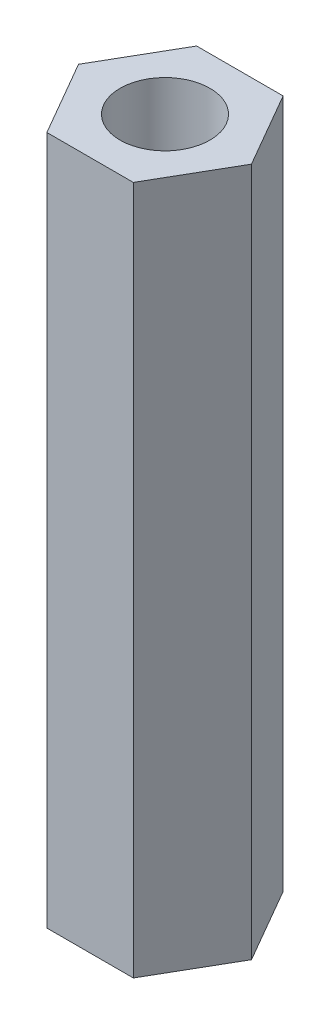
from build123d import *

# Parameters (mm, degrees)
ESQUISSE1_R      = 1.5
EXTRUSION1_DEPTH = 23


with BuildPart() as part:
    # Esquisse1 → Extrusion1 (new body)
    with BuildSketch(Plane(origin=(0, 0, 0), x_dir=(1, 0, 0), z_dir=(0, 1, 0))):
        Polygon((2.886751346, 0), (1.443375673, 2.5), (-1.443375673, 2.5), (-2.886751346, 0), (-1.443375673, -2.5), (1.443375673, -2.5), align=None)
        with Locations(Location((0, 0, 0), (0, 0, 270))):
            Circle(ESQUISSE1_R, mode=Mode.SUBTRACT)
    extrude(amount=EXTRUSION1_DEPTH)


solid = part.part

============

WHAT THE TASK REQUIRES: Across the entries above, work out the count of lines that hold the word "part", and state that number alone.

RESULT: 2